Кормовой стрелок и другие
Дух человеческий, обдумывая свое видение, постигает, что каждый из низших духов может воскреснуть в величии Духа, но ему все же кажется, что бесконечная нежность мировой души к каждой отдельной личности должна подвигнуть ее на высший акт любви, на пробуждение малых духов для спасения и последнее блаженство сна.
Кормовой стрелок того самолета, в котором бился мотылек, несомненно обрел спасение. Он, погибший со всем экипажем, он, умерший и пробудившийся в командном духе, и затем в духе погибших в той битве, а затем в духе человеческом, и затем — в духе целого космоса, и наконец в самой мировой душе, стремящейся к Другому — он нашел свое спасение. И это спасение — не просто освобождение более благородного духа своей смертью. Нет, милосердием мировой души, крошечный дух кормового стрелка на время воскрес во всем ее величии.
Кормовой стрелок обратился к своей малой земной жизни и смерти, но вместе с ними начал постигать прошлое и будущее человеческого рода и других миров, и подножие вечности, и проблеск высочайшей вершины бытия.

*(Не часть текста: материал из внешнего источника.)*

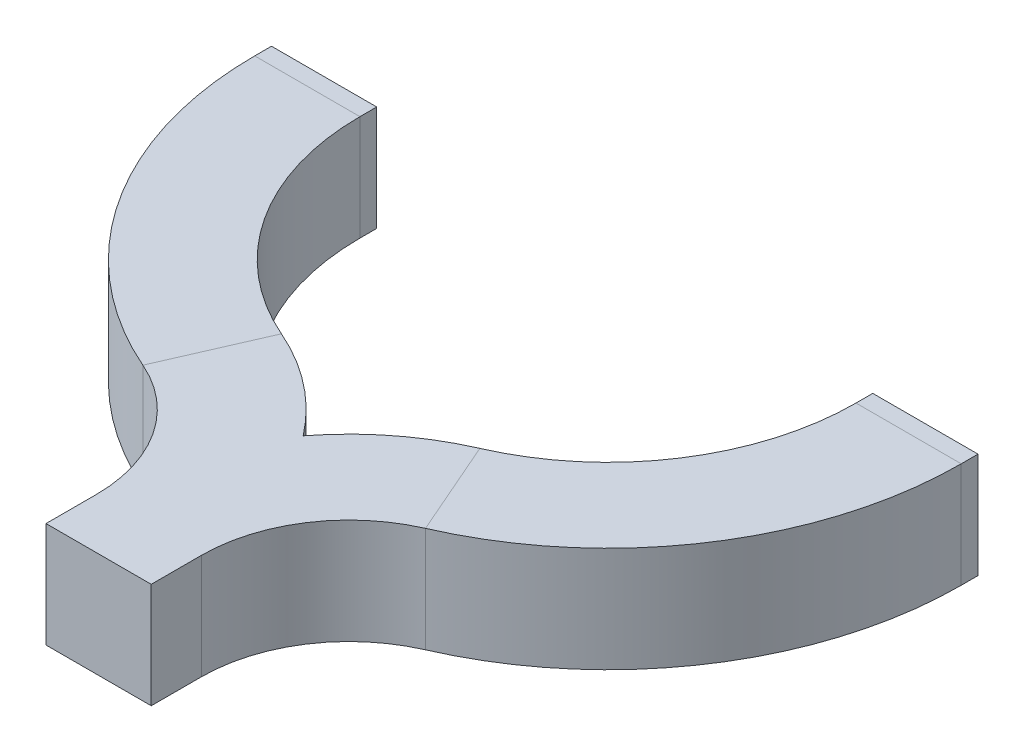
ISO-10303-21;
HEADER;
FILE_DESCRIPTION(('STEP AP214'),'2;1');
FILE_NAME('part.step','',(''),(''),'','','');
FILE_SCHEMA(('AUTOMOTIVE_DESIGN { 1 0 10303 214 1 1 1 1 }'));
ENDSEC;
DATA;
#1=APPLICATION_CONTEXT('core data for automotive mechanical design processes');
#2=APPLICATION_PROTOCOL_DEFINITION('international standard','automotive_design',2000,#1);
#3=PRODUCT_CONTEXT('',#1,'mechanical');
#4=PRODUCT('Part','Part','',(#3));
#5=PRODUCT_RELATED_PRODUCT_CATEGORY('part','',(#4));
#6=PRODUCT_DEFINITION_FORMATION('','',#4);
#7=PRODUCT_DEFINITION_CONTEXT('part definition',#1,'design');
#8=PRODUCT_DEFINITION('design','',#6,#7);
#9=PRODUCT_DEFINITION_SHAPE('','',#8);
#10=(LENGTH_UNIT() NAMED_UNIT(*) SI_UNIT(.MILLI.,.METRE.));
#11=(NAMED_UNIT(*) PLANE_ANGLE_UNIT() SI_UNIT($,.RADIAN.));
#12=(NAMED_UNIT(*) SI_UNIT($,.STERADIAN.) SOLID_ANGLE_UNIT());
#13=UNCERTAINTY_MEASURE_WITH_UNIT(LENGTH_MEASURE(1.E-05),#10,'distance_accuracy_value','');
#14=(GEOMETRIC_REPRESENTATION_CONTEXT(3) GLOBAL_UNCERTAINTY_ASSIGNED_CONTEXT((#13)) GLOBAL_UNIT_ASSIGNED_CONTEXT((#10,
#11,#12)) REPRESENTATION_CONTEXT('',''));
#15=CARTESIAN_POINT('',(0.,0.,0.));
#16=DIRECTION('',(0.,0.,1.));
#17=DIRECTION('',(1.,0.,0.));
#18=AXIS2_PLACEMENT_3D('',#15,#16,#17);
#19=CARTESIAN_POINT('',(1.05,1.05,1.));
#20=DIRECTION('',(-1.,0.,0.));
#21=DIRECTION('',(0.,-1.,0.));
#22=AXIS2_PLACEMENT_3D('',#19,#20,#21);
#23=PLANE('',#22);
#24=DIRECTION('',(0.,1.,0.));
#25=VECTOR('',#24,1.);
#26=CARTESIAN_POINT('',(1.05,1.05,-1.));
#27=LINE('',#26,#25);
#28=CARTESIAN_POINT('',(1.05,-1.05,-1.));
#29=VERTEX_POINT('',#28);
#30=CARTESIAN_POINT('',(1.05,1.05,-1.));
#31=VERTEX_POINT('',#30);
#32=EDGE_CURVE('E188',#29,#31,#27,.T.);
#33=ORIENTED_EDGE('',*,*,#32,.F.);
#34=DIRECTION('',(0.,0.,-1.));
#35=VECTOR('',#34,1.);
#36=CARTESIAN_POINT('',(1.05,-1.05,1.));
#37=LINE('',#36,#35);
#38=CARTESIAN_POINT('',(1.05,-1.05,-2.));
#39=VERTEX_POINT('',#38);
#40=EDGE_CURVE('E196',#29,#39,#37,.T.);
#41=ORIENTED_EDGE('',*,*,#40,.T.);
#42=DIRECTION('',(0.,1.,0.));
#43=VECTOR('',#42,1.);
#44=CARTESIAN_POINT('',(1.05,1.05,-2.));
#45=LINE('',#44,#43);
#46=CARTESIAN_POINT('',(1.05,1.05,-2.));
#47=VERTEX_POINT('',#46);
#48=EDGE_CURVE('E209',#39,#47,#45,.T.);
#49=ORIENTED_EDGE('',*,*,#48,.T.);
#50=DIRECTION('',(0.,0.,-1.));
#51=VECTOR('',#50,1.);
#52=CARTESIAN_POINT('',(1.05,1.05,1.));
#53=LINE('',#52,#51);
#54=EDGE_CURVE('E52',#31,#47,#53,.T.);
#55=ORIENTED_EDGE('',*,*,#54,.F.);
#56=EDGE_LOOP('',(#33,#41,#49,#55));
#57=FACE_BOUND('',#56,.T.);
#58=ADVANCED_FACE('F44',(#57),#23,.F.);
#59=CARTESIAN_POINT('',(-1.05,1.05,1.));
#60=DIRECTION('',(0.,-1.,0.));
#61=DIRECTION('',(0.,0.,-1.));
#62=AXIS2_PLACEMENT_3D('',#59,#60,#61);
#63=PLANE('',#62);
#64=DIRECTION('',(-1.,0.,0.));
#65=VECTOR('',#64,1.);
#66=CARTESIAN_POINT('',(-1.05,1.05,-1.));
#67=LINE('',#66,#65);
#68=CARTESIAN_POINT('',(-1.05,1.05,-1.));
#69=VERTEX_POINT('',#68);
#70=EDGE_CURVE('E198',#31,#69,#67,.T.);
#71=ORIENTED_EDGE('',*,*,#70,.F.);
#72=ORIENTED_EDGE('',*,*,#54,.T.);
#73=CARTESIAN_POINT('',(4.,1.05,-2.));
#74=DIRECTION('',(0.,1.,0.));
#75=DIRECTION('',(-0.400000107962682,0.,-0.916515091872383));
#76=AXIS2_PLACEMENT_3D('',#73,#74,#75);
#77=CIRCLE('',#76,2.95);
#78=CARTESIAN_POINT('',(2.8200002213235,1.05,-4.70371828415603));
#79=VERTEX_POINT('',#78);
#80=EDGE_CURVE('E218',#79,#47,#77,.T.);
#81=ORIENTED_EDGE('',*,*,#80,.F.);
#82=DIRECTION('',(0.400000107962682,0.,0.916515091872383));
#83=VECTOR('',#82,1.);
#84=CARTESIAN_POINT('',(2.8200002213235,1.05,-4.70371828415603));
#85=LINE('',#84,#83);
#86=CARTESIAN_POINT('',(1.97999999460187,1.05,-6.62839997708803));
#87=VERTEX_POINT('',#86);
#88=EDGE_CURVE('E225',#87,#79,#85,.T.);
#89=ORIENTED_EDGE('',*,*,#88,.F.);
#90=CARTESIAN_POINT('',(4.,1.05,-2.));
#91=DIRECTION('',(0.,1.,0.));
#92=DIRECTION('',(-0.400000107962682,0.,-0.916515091872383));
#93=AXIS2_PLACEMENT_3D('',#90,#91,#92);
#94=CIRCLE('',#93,5.05);
#95=CARTESIAN_POINT('',(0.,1.05,-5.08261252835967));
#96=VERTEX_POINT('',#95);
#97=EDGE_CURVE('E91',#87,#96,#94,.T.);
#98=ORIENTED_EDGE('',*,*,#97,.T.);
#99=CARTESIAN_POINT('',(-4.,1.05,-2.));
#100=DIRECTION('',(0.,-1.,0.));
#101=DIRECTION('',(0.400000107962682,0.,-0.916515091872383));
#102=AXIS2_PLACEMENT_3D('',#99,#100,#101);
#103=CIRCLE('',#102,5.05);
#104=CARTESIAN_POINT('',(-1.97999999460187,1.05,-6.62839997708803));
#105=VERTEX_POINT('',#104);
#106=EDGE_CURVE('E310',#105,#96,#103,.T.);
#107=ORIENTED_EDGE('',*,*,#106,.F.);
#108=DIRECTION('',(-0.400000107962682,0.,0.916515091872383));
#109=VECTOR('',#108,1.);
#110=CARTESIAN_POINT('',(-2.8200002213235,1.05,-4.70371828415603));
#111=LINE('',#110,#109);
#112=CARTESIAN_POINT('',(-2.8200002213235,1.05,-4.70371828415603));
#113=VERTEX_POINT('',#112);
#114=EDGE_CURVE('E306',#113,#105,#111,.F.);
#115=ORIENTED_EDGE('',*,*,#114,.F.);
#116=CARTESIAN_POINT('',(-4.,1.05,-2.));
#117=DIRECTION('',(0.,-1.,0.));
#118=DIRECTION('',(0.400000107962682,0.,-0.916515091872383));
#119=AXIS2_PLACEMENT_3D('',#116,#117,#118);
#120=CIRCLE('',#119,2.95);
#121=CARTESIAN_POINT('',(-1.05,1.05,-2.));
#122=VERTEX_POINT('',#121);
#123=EDGE_CURVE('E305',#113,#122,#120,.T.);
#124=ORIENTED_EDGE('',*,*,#123,.T.);
#125=DIRECTION('',(0.,0.,-1.));
#126=VECTOR('',#125,1.);
#127=CARTESIAN_POINT('',(-1.05,1.05,1.));
#128=LINE('',#127,#126);
#129=EDGE_CURVE('E206',#69,#122,#128,.T.);
#130=ORIENTED_EDGE('',*,*,#129,.F.);
#131=EDGE_LOOP('',(#71,#72,#81,#89,#98,#107,#115,#124,#130));
#132=FACE_BOUND('',#131,.T.);
#133=ADVANCED_FACE('F217',(#132),#63,.F.);
#134=CARTESIAN_POINT('',(-1.05,1.05,1.));
#135=DIRECTION('',(1.,0.,0.));
#136=DIRECTION('',(0.,1.,0.));
#137=AXIS2_PLACEMENT_3D('',#134,#135,#136);
#138=PLANE('',#137);
#139=DIRECTION('',(0.,-1.,0.));
#140=VECTOR('',#139,1.);
#141=CARTESIAN_POINT('',(-1.05,1.05,-1.));
#142=LINE('',#141,#140);
#143=CARTESIAN_POINT('',(-1.05,-1.05,-1.));
#144=VERTEX_POINT('',#143);
#145=EDGE_CURVE('E59',#69,#144,#142,.T.);
#146=ORIENTED_EDGE('',*,*,#145,.F.);
#147=ORIENTED_EDGE('',*,*,#129,.T.);
#148=DIRECTION('',(0.,-1.,0.));
#149=VECTOR('',#148,1.);
#150=CARTESIAN_POINT('',(-1.05,1.05,-2.));
#151=LINE('',#150,#149);
#152=CARTESIAN_POINT('',(-1.05,-1.05,-2.));
#153=VERTEX_POINT('',#152);
#154=EDGE_CURVE('E202',#122,#153,#151,.T.);
#155=ORIENTED_EDGE('',*,*,#154,.T.);
#156=DIRECTION('',(0.,0.,-1.));
#157=VECTOR('',#156,1.);
#158=CARTESIAN_POINT('',(-1.05,-1.05,1.));
#159=LINE('',#158,#157);
#160=EDGE_CURVE('E67',#144,#153,#159,.T.);
#161=ORIENTED_EDGE('',*,*,#160,.F.);
#162=EDGE_LOOP('',(#146,#147,#155,#161));
#163=FACE_BOUND('',#162,.T.);
#164=ADVANCED_FACE('F402',(#163),#138,.F.);
#165=CARTESIAN_POINT('',(-1.05,-1.05,1.));
#166=DIRECTION('',(0.,1.,0.));
#167=DIRECTION('',(0.,0.,1.));
#168=AXIS2_PLACEMENT_3D('',#165,#166,#167);
#169=PLANE('',#168);
#170=DIRECTION('',(1.,0.,0.));
#171=VECTOR('',#170,1.);
#172=CARTESIAN_POINT('',(-1.05,-1.05,-1.));
#173=LINE('',#172,#171);
#174=EDGE_CURVE('E185',#144,#29,#173,.T.);
#175=ORIENTED_EDGE('',*,*,#174,.F.);
#176=ORIENTED_EDGE('',*,*,#160,.T.);
#177=CARTESIAN_POINT('',(-4.,-1.05,-2.));
#178=DIRECTION('',(0.,-1.,0.));
#179=DIRECTION('',(0.400000107962682,0.,-0.916515091872383));
#180=AXIS2_PLACEMENT_3D('',#177,#178,#179);
#181=CIRCLE('',#180,2.95);
#182=CARTESIAN_POINT('',(-2.8200002213235,-1.05,-4.70371828415603));
#183=VERTEX_POINT('',#182);
#184=EDGE_CURVE('E327',#183,#153,#181,.T.);
#185=ORIENTED_EDGE('',*,*,#184,.F.);
#186=DIRECTION('',(0.400000107962682,0.,-0.916515091872383));
#187=VECTOR('',#186,1.);
#188=CARTESIAN_POINT('',(-2.8200002213235,-1.05,-4.70371828415603));
#189=LINE('',#188,#187);
#190=CARTESIAN_POINT('',(-1.97999999460187,-1.05,-6.62839997708803));
#191=VERTEX_POINT('',#190);
#192=EDGE_CURVE('E354',#191,#183,#189,.F.);
#193=ORIENTED_EDGE('',*,*,#192,.F.);
#194=CARTESIAN_POINT('',(-4.,-1.05,-2.));
#195=DIRECTION('',(0.,-1.,0.));
#196=DIRECTION('',(0.400000107962682,0.,-0.916515091872383));
#197=AXIS2_PLACEMENT_3D('',#194,#195,#196);
#198=CIRCLE('',#197,5.05);
#199=CARTESIAN_POINT('',(0.,-1.05,-5.08261252835967));
#200=VERTEX_POINT('',#199);
#201=EDGE_CURVE('E350',#191,#200,#198,.T.);
#202=ORIENTED_EDGE('',*,*,#201,.T.);
#203=CARTESIAN_POINT('',(4.,-1.05,-2.));
#204=DIRECTION('',(0.,1.,0.));
#205=DIRECTION('',(-0.400000107962682,0.,-0.916515091872383));
#206=AXIS2_PLACEMENT_3D('',#203,#204,#205);
#207=CIRCLE('',#206,5.05);
#208=CARTESIAN_POINT('',(1.97999999460187,-1.05,-6.62839997708803));
#209=VERTEX_POINT('',#208);
#210=EDGE_CURVE('E100',#209,#200,#207,.T.);
#211=ORIENTED_EDGE('',*,*,#210,.F.);
#212=DIRECTION('',(-0.400000107962682,0.,-0.916515091872383));
#213=VECTOR('',#212,1.);
#214=CARTESIAN_POINT('',(2.8200002213235,-1.05,-4.70371828415603));
#215=LINE('',#214,#213);
#216=CARTESIAN_POINT('',(2.8200002213235,-1.05,-4.70371828415603));
#217=VERTEX_POINT('',#216);
#218=EDGE_CURVE('E269',#217,#209,#215,.T.);
#219=ORIENTED_EDGE('',*,*,#218,.F.);
#220=CARTESIAN_POINT('',(4.,-1.05,-2.));
#221=DIRECTION('',(0.,1.,0.));
#222=DIRECTION('',(-0.400000107962682,0.,-0.916515091872383));
#223=AXIS2_PLACEMENT_3D('',#220,#221,#222);
#224=CIRCLE('',#223,2.95);
#225=EDGE_CURVE('E107',#217,#39,#224,.T.);
#226=ORIENTED_EDGE('',*,*,#225,.T.);
#227=ORIENTED_EDGE('',*,*,#40,.F.);
#228=EDGE_LOOP('',(#175,#176,#185,#193,#202,#211,#219,#226,#227));
#229=FACE_BOUND('',#228,.T.);
#230=ADVANCED_FACE('F200',(#229),#169,.F.);
#231=CARTESIAN_POINT('',(4.,0.,-2.));
#232=DIRECTION('',(0.,1.,0.));
#233=DIRECTION('',(0.,0.,1.));
#234=AXIS2_PLACEMENT_3D('',#231,#232,#233);
#235=CYLINDRICAL_SURFACE('',#234,5.05);
#236=DIRECTION('',(0.,-1.,0.));
#237=VECTOR('',#236,1.);
#238=CARTESIAN_POINT('',(0.,0.,-5.08261252835967));
#239=LINE('',#238,#237);
#240=EDGE_CURVE('E11',#96,#200,#239,.T.);
#241=ORIENTED_EDGE('',*,*,#240,.F.);
#242=ORIENTED_EDGE('',*,*,#97,.F.);
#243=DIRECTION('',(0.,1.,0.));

— Когда я, — рассуждал он, — был заперт в том самолете и в дремлющей натуре того мальчика, какой темной и безрадостной была моя тюрьма! Сквозь решетку я видел только человеческую жестокость и равнодушные звезды. Как растерянно я искал отваги, пролетая над проливом! Когда прикосновение мотылька разбудило во мне тоску и жалость к себе, как я готов был сломаться! И какой фантастичной, смешной, призрачной была та маленькая вселенная, свитая мной вокруг себя наподобие кокона, в убеждении, что она — не выдумка, а огромная и жестокая действительность. Да, а моя жалкая, неловкая, самоуверенная любовь, такая слепая, совсем не похожая на истинный путь любви! Но теперь я наконец прожил жизнь и любил по-настоящему. Я любил красоту множества миров. Даже маленькую Землю я любил тысячекратно, во множестве обликов. Я любил Елену и Клеопатру, и других, таких же прекрасных и достойных. Я вместе с Данте славил его Беатриче. И я познал то, что совсем не было дано мне при жизни — союз истинных сознаний и углубляющуюся на протяжении жизни гармонию. Да, и я слушал Сократа в Афинах, и до конца понимал мудрость Гаутамы. Я вместе с Иисусом ходил по полям. И пусть теперь, снова ограниченный своей человеческой малостью, я лишь смутно постигаю пережитые мной славные мгновения, но помню, что насладился всей земной и космической красотой, всеми человеческими и всеми космическими добродетелями. Я взвешивал все мысли, доступные конечному духу. Пробудившись далеко за пределами тусклого человеческого света, я восхищался высшей красотой космической республики и служил ей в доблестных жизнях многих граждан. А с гибелью космоса я пробудился как мировая душа. И тогда я с жалостью оглянулся на себя — замученного мальчика, и воссоздал его, чтобы он обрел спасение. И я, тот мальчик, увидел свою скучную и бессмысленную земную жизнь нитью в блистающей ткани космического бытия, и жизнь моя преобразилась. Но и в мировой душе я бился хрупкими крылышками в закрытое окно последней тюрьмы, тщетно стремясь к Другому. Я участвовал в смерти души. За ней темнота — не темнота одиночества, но мрак тайны. И я, бывший мальчик, убитый в бою, примирился теперь с горестями моего земного существования и даже с духом окончательной гибели. Теперь я, тот мальчик, ничего не желаю, кроме как уснуть, раствориться в величии Духа. И я, тот самый Дух, хотя и мне суждено умереть, так и не найдя единства в Другим, обрел спасение. Потому что моя красота будет совершенной для него, примет ли он ее или уничтожит.